Many more, like offbeat denim maestro Ksenia Schnaider and Anna October have left their country behind, and are doing their best to keep their businesses going from afar. Schnaider is currently in Nuremberg, Germany, while Anna October fled Kyiv and landed in Paris, after a long car journey and a long night spent hiding in a forest. She admits that though she is safe, her situation is making working tough. “It’s difficult to think creatively when your country has been ripped apart by war,” she says, with the financial and logistical side of things also adding to her problems as she endeavours to finish her latest collection under these new, strange circumstances. 

Now, though, comes a new grassroots initiative, which aims to support both Ukrainian talent that has been displaced around the world, and those that have stayed in the country and continue to work. The brainchild of designer and former Vogue Ukraine editor-in-chief Julie Pelipas and Anna October, the Bettter.Community platform is a way of bringing the country’s brightest talents to the world. “Kyiv has the most amazing creative scene and culture, everything from music, to fashion, to art. People have long called it ‘the new Berlin’,” Pelipas explains from Paris, where she landed after a brief stop in Greece. “Now, the young creatives that call the city home need help and support, whether they’ve left Ukraine or stayed in the country and continue in with their work.” 

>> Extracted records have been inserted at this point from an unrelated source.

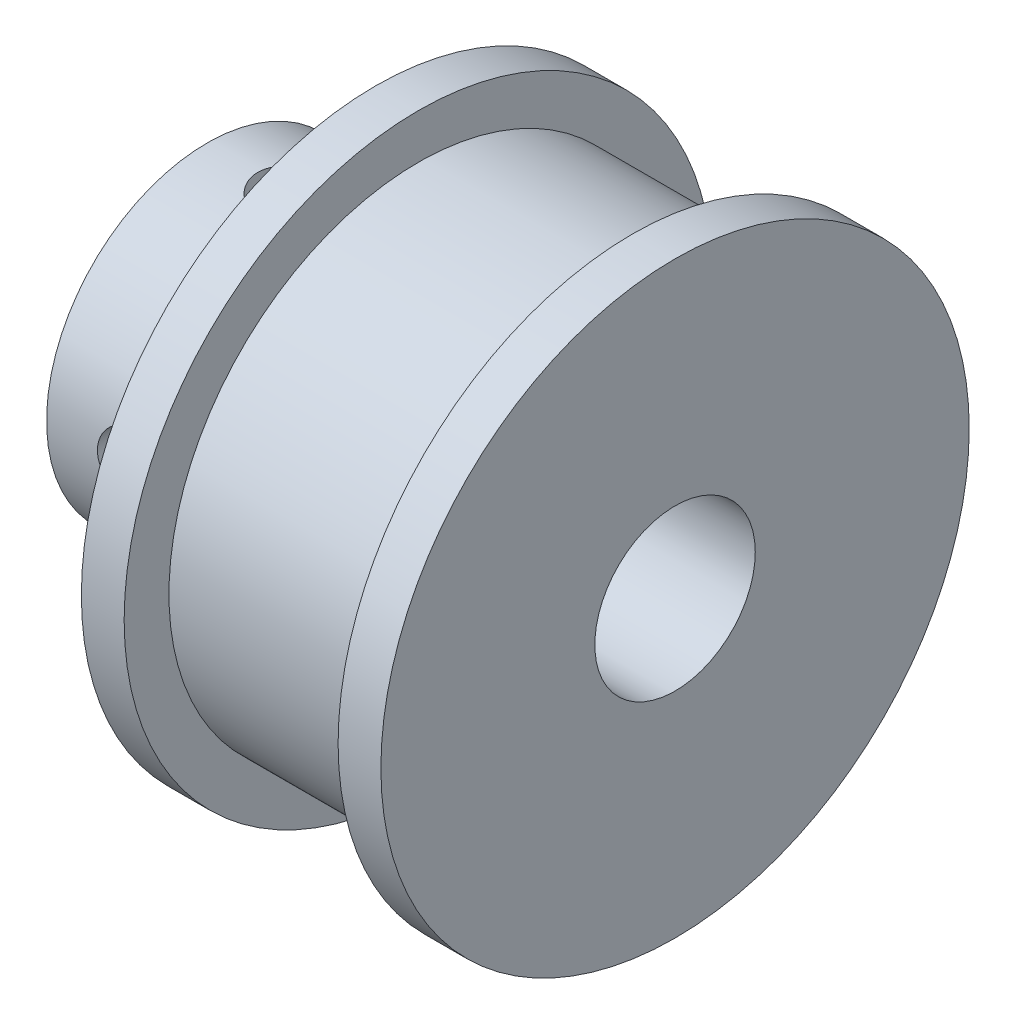
ISO-10303-21;
HEADER;
FILE_DESCRIPTION(('STEP AP214'),'2;1');
FILE_NAME('part.step','',(''),(''),'','','');
FILE_SCHEMA(('AUTOMOTIVE_DESIGN { 1 0 10303 214 1 1 1 1 }'));
ENDSEC;
DATA;
#1=APPLICATION_CONTEXT('core data for automotive mechanical design processes');
#2=APPLICATION_PROTOCOL_DEFINITION('international standard','automotive_design',2000,#1);
#3=PRODUCT_CONTEXT('',#1,'mechanical');
#4=PRODUCT('Part','Part','',(#3));
#5=PRODUCT_RELATED_PRODUCT_CATEGORY('part','',(#4));
#6=PRODUCT_DEFINITION_FORMATION('','',#4);
#7=PRODUCT_DEFINITION_CONTEXT('part definition',#1,'design');
#8=PRODUCT_DEFINITION('design','',#6,#7);
#9=PRODUCT_DEFINITION_SHAPE('','',#8);
#10=(LENGTH_UNIT() NAMED_UNIT(*) SI_UNIT(.MILLI.,.METRE.));
#11=(NAMED_UNIT(*) PLANE_ANGLE_UNIT() SI_UNIT($,.RADIAN.));
#12=(NAMED_UNIT(*) SI_UNIT($,.STERADIAN.) SOLID_ANGLE_UNIT());
#13=UNCERTAINTY_MEASURE_WITH_UNIT(LENGTH_MEASURE(1.E-05),#10,'distance_accuracy_value','');
#14=(GEOMETRIC_REPRESENTATION_CONTEXT(3) GLOBAL_UNCERTAINTY_ASSIGNED_CONTEXT((#13)) GLOBAL_UNIT_ASSIGNED_CONTEXT((#10,
#11,#12)) REPRESENTATION_CONTEXT('',''));
#15=CARTESIAN_POINT('',(0.,0.,0.));
#16=DIRECTION('',(0.,0.,1.));
#17=DIRECTION('',(1.,0.,0.));
#18=AXIS2_PLACEMENT_3D('',#15,#16,#17);
#19=CARTESIAN_POINT('',(0.,2.5,0.));
#20=DIRECTION('',(-1.,0.,0.));
#21=DIRECTION('',(0.,0.,1.));
#22=AXIS2_PLACEMENT_3D('',#19,#20,#21);
#23=PLANE('',#22);
#24=CARTESIAN_POINT('',(0.,0.,0.));
#25=DIRECTION('',(1.,0.,0.));
#26=DIRECTION('',(0.,0.,-1.));
#27=AXIS2_PLACEMENT_3D('',#24,#25,#26);
#28=CIRCLE('',#27,3.);
#29=CARTESIAN_POINT('',(0.,0.,-3.));
#30=VERTEX_POINT('',#29);
#31=EDGE_CURVE('E3315',#30,#30,#28,.T.);
#32=ORIENTED_EDGE('',*,*,#31,.T.);
#33=EDGE_LOOP('',(#32));
#34=FACE_BOUND('',#33,.T.);
#35=CARTESIAN_POINT('',(0.,0.,0.));
#36=DIRECTION('',(1.,0.,0.));
#37=DIRECTION('',(0.,0.,-1.));
#38=AXIS2_PLACEMENT_3D('',#35,#36,#37);
#39=CIRCLE('',#38,6.);
#40=CARTESIAN_POINT('',(0.,0.,-6.));
#41=VERTEX_POINT('',#40);
#42=EDGE_CURVE('E14',#41,#41,#39,.T.);
#43=ORIENTED_EDGE('',*,*,#42,.F.);
#44=EDGE_LOOP('',(#43));
#45=FACE_BOUND('',#44,.T.);
#46=ADVANCED_FACE('F3239',(#34,#45),#23,.T.);
#47=CARTESIAN_POINT('',(0.,0.,0.));
#48=DIRECTION('',(1.,0.,0.));
#49=DIRECTION('',(0.,0.,-1.));
#50=AXIS2_PLACEMENT_3D('',#47,#48,#49);
#51=CYLINDRICAL_SURFACE('',#50,6.);
#52=CARTESIAN_POINT('',(1.90000000000001,0.,6.));
#53=CARTESIAN_POINT('',(1.90000247746923,-0.0694090417016603,5.99999871526651));
#54=CARTESIAN_POINT('',(1.90580066571876,-0.138848789520875,5.99878328775043));
#55=CARTESIAN_POINT('',(1.92881934953286,-0.275761316266992,5.99405200990679));
#56=CARTESIAN_POINT('',(1.94604852303694,-0.343232560128311,5.99053441189248));
#57=CARTESIAN_POINT('',(1.99137045492183,-0.474209132291339,5.98159109196202));
#58=CARTESIAN_POINT('',(2.01945239599889,-0.537718336709182,5.97616727052645));
#59=CARTESIAN_POINT('',(2.08564960885619,-0.659120328605954,5.96399927809859));
#60=CARTESIAN_POINT('',(2.12376443115584,-0.717013367534323,5.95725516625975));
#61=CARTESIAN_POINT('',(2.20953634019065,-0.826390324308832,5.9430770002465));
#62=CARTESIAN_POINT('',(2.25731200123509,-0.87778024416268,5.93563505848531));
#63=CARTESIAN_POINT('',(2.36079465919511,-0.971877776769387,5.92095657692448));
#64=CARTESIAN_POINT('',(2.41650231187227,-1.01458467096098,5.91372005416683));
#65=CARTESIAN_POINT('',(2.53495196876616,-1.09051031677216,5.90019442595308));
#66=CARTESIAN_POINT('',(2.59775838450275,-1.1236305468065,5.89391545174828));
#67=CARTESIAN_POINT('',(2.72819745177276,-1.17881119348063,5.8831284065002));
#68=CARTESIAN_POINT('',(2.79582958244254,-1.20087280167641,5.87862014467568));
#69=CARTESIAN_POINT('',(2.93298523741564,-1.23300240133736,5.87196500986123));
#70=CARTESIAN_POINT('',(3.00246835933477,-1.24323597696798,5.86978556855865));
#71=CARTESIAN_POINT('',(3.14219684286263,-1.25193357655614,5.86793690716491));
#72=CARTESIAN_POINT('',(3.2124421188653,-1.25039890894686,5.86826740800981));
#73=CARTESIAN_POINT('',(3.35048102797518,-1.23573719037196,5.87137174319175));
#74=CARTESIAN_POINT('',(3.41829597966121,-1.2228010523272,5.87410533679901));
#75=CARTESIAN_POINT('',(3.55077150964493,-1.18600543529945,5.88164437615942));
#76=CARTESIAN_POINT('',(3.61543192560633,-1.16214539481381,5.88644992841317));
#77=CARTESIAN_POINT('',(3.74030722841598,-1.10400003213928,5.89763191464102));
#78=CARTESIAN_POINT('',(3.80048629652707,-1.06964002534236,5.90401953785586));
#79=CARTESIAN_POINT('',(3.91429574426816,-0.991522699274812,5.91763890010721));
#80=CARTESIAN_POINT('',(3.96792530883597,-0.947764212262582,5.92487074398537));
#81=CARTESIAN_POINT('',(4.06821396108037,-0.851074921546777,5.93953730929909));
#82=CARTESIAN_POINT('',(4.11471616889701,-0.797981433412077,5.94697323199473));
#83=CARTESIAN_POINT('',(4.19818044222897,-0.684667288611794,5.96108088143001));
#84=CARTESIAN_POINT('',(4.23514236459839,-0.624446525025762,5.96775259670236));
#85=CARTESIAN_POINT('',(4.29851008153595,-0.498405541235475,5.97959870942815));
#86=CARTESIAN_POINT('',(4.32489680456711,-0.432575461926497,5.98477039710258));
#87=CARTESIAN_POINT('',(4.36619170483549,-0.297284620972153,5.99301338211281));
#88=CARTESIAN_POINT('',(4.38110139323139,-0.227824338595088,5.99608495596053));
#89=CARTESIAN_POINT('',(4.39879425206788,-0.0885918657008349,5.99974275215455));
#90=CARTESIAN_POINT('',(4.40179194149424,-0.0188480555261788,6.00037293537579));
#91=CARTESIAN_POINT('',(4.39615505003089,0.120143798757714,5.99919952252774));
#92=CARTESIAN_POINT('',(4.3875211813984,0.189391872962257,5.99739607548153));
#93=CARTESIAN_POINT('',(4.35904434653046,0.324726367119811,5.99158564979184));
#94=CARTESIAN_POINT('',(4.33931251461653,0.390837192894204,5.98760052868077));
#95=CARTESIAN_POINT('',(4.28932213957859,0.518811446661328,5.97787227242395));
#96=CARTESIAN_POINT('',(4.25906275913401,0.580674536336772,5.97212899744579));
#97=CARTESIAN_POINT('',(4.18841962176244,0.69929430694349,5.95941241490714));
#98=CARTESIAN_POINT('',(4.14790807043093,0.755973219469829,5.9524239381233));
#99=CARTESIAN_POINT('',(4.05808043692373,0.861805445886515,5.93802568299709));
#100=CARTESIAN_POINT('',(4.00876332448106,0.910957877913281,5.93061585542511));
#101=CARTESIAN_POINT('',(3.9017444230003,1.0011786486518,5.91606024531377));
#102=CARTESIAN_POINT('',(3.84391696804472,1.04209914600204,5.90892089307501));
#103=CARTESIAN_POINT('',(3.72208371578621,1.11364719079243,5.89585601015805));
#104=CARTESIAN_POINT('',(3.65807817586089,1.14427516677863,5.88993042894651));
#105=CARTESIAN_POINT('',(3.52603880370177,1.19417246443921,5.88001700708041));
#106=CARTESIAN_POINT('',(3.45802896283416,1.21350309828031,5.87601872784687));
#107=CARTESIAN_POINT('',(3.31963344950774,1.24044038523407,5.87039184709697));
#108=CARTESIAN_POINT('',(3.24924811838056,1.2480487154444,5.86876290660367));
#109=CARTESIAN_POINT('',(3.10958659900035,1.25125926487611,5.86807907308506));
#110=CARTESIAN_POINT('',(3.04031592977795,1.24709542622725,5.86897402321502));
#111=CARTESIAN_POINT('',(2.90348599107978,1.22739905314031,5.87312447254928));
#112=CARTESIAN_POINT('',(2.8359267051839,1.21186662782265,5.87637994909626));
#113=CARTESIAN_POINT('',(2.70460222810934,1.16998217768584,5.88486132447716));
#114=CARTESIAN_POINT('',(2.64082675351308,1.14366117568421,5.8900815700793));
#115=CARTESIAN_POINT('',(2.51856122397334,1.08097457299757,5.90190705738738));
#116=CARTESIAN_POINT('',(2.46007166036688,1.04460803983029,5.9085124276546));
#117=CARTESIAN_POINT('',(2.34887837292056,0.962073695342405,5.92251579551146));
#118=CARTESIAN_POINT('',(2.29630087543502,0.91573789041822,5.92992613868404));
#119=CARTESIAN_POINT('',(2.19959050677365,0.814924438115329,5.94461839583213));
#120=CARTESIAN_POINT('',(2.15545958244852,0.760444918832963,5.9519002798488));
#121=CARTESIAN_POINT('',(2.07641142681595,0.644134427507699,5.96561444547637));
#122=CARTESIAN_POINT('',(2.04160632011372,0.582225921521345,5.97203596073244));
#123=CARTESIAN_POINT('',(1.98294977156998,0.453319843998451,5.98319908494092));
#124=CARTESIAN_POINT('',(1.95908875281813,0.386326781907242,5.98794216182101));
#125=CARTESIAN_POINT('',(1.92745972171158,0.266015292900104,5.99432499781443));
#126=CARTESIAN_POINT('',(1.91718123679115,0.213367593727928,5.99644035661395));
#127=CARTESIAN_POINT('',(1.90345054572268,0.107152674176536,5.99927832789758));
#128=CARTESIAN_POINT('',(1.89999808733282,0.0535854878488715,6.00000099184586));
#129=CARTESIAN_POINT('',(1.90000000000001,0.,6.));
#130=B_SPLINE_CURVE_WITH_KNOTS('',3,(#52,#53,#54,#55,#56,#57,#58,#59,#60,#61,#62,#63,#64,#65,
#66,#67,#68,#69,#70,#71,#72,#73,#74,#75,#76,#77,#78,#79,#80,#81,#82,#83,#84,#85,#86,#87,#88,#89,
#90,#91,#92,#93,#94,#95,#96,#97,#98,#99,#100,#101,#102,#103,#104,#105,#106,#107,#108,#109,#110,
#111,#112,#113,#114,#115,#116,#117,#118,#119,#120,#121,#122,#123,#124,#125,#126,#127,#128,#129),
.UNSPECIFIED.,.T.,.F.,(4,2,2,2,2,2,2,2,2,2,2,2,2,2,2,2,2,2,2,2,2,2,2,2,2,2,2,2,2,2,2,2,2,2,2,2,
2,2,4),(0.,0.208031045103182,0.416220199906223,0.624202378825439,0.832175241572985,
1.04287526388122,1.25359271551785,1.46640449178548,1.67919333285489,1.88896575169853,
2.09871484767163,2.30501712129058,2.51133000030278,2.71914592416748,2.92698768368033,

Across the last few weeks, Pelipas and October put out a clarion call for applicants, with over 400 young creatives applying to be listed. Launched yesterday, the Bettter.Community platform aims to showcase Ukraine’s brightest creatives to “international media, agencies, public institutions, and many more”. From there, its founders hope to secure those on their roster full-time or freelance jobs, access to legal advice, and cold hard cash grants designed to secure safe accommodation and support their businesses. 

“People have had to leave everything they have behind, but despite this many are still working and still have to work,” says Pelipas. “One of our team members, a graphic designer, has fled his home and was working from a desk in a bunker. Cash donations will go towards ensuring he and others like him have somewhere safe to work, while job offers and grants will ensure they have a vital ongoing cash flow.” 

The Bettter.Community website is but stage one of a far more expansive project, however – which is even more impressive when you consider it’s been less than four weeks since Pelipas and October left Ukraine and made their first moves to set the initiative up. Two hotels in Austria that the designers had been in talks with recently confirmed a free three month-long residence for Ukrainian creatives, with the space acting as a kind of arts hub where they can live and work. When those three months are up, Pelipas reveals plans for an exhibition and sale, again to raise funds for Bettter.Community members and more working and living spaces across Europe.

Right now, however, she’s intent on signing up as many creatives as possible and shining a spotlight on Ukraine’s undeniable talent. “It’s important to me that the world doesn’t see Ukraine’s people as victims,” she explains. “I am so proud of our creative scene and the people that are part of it, and I want the world to see that too.”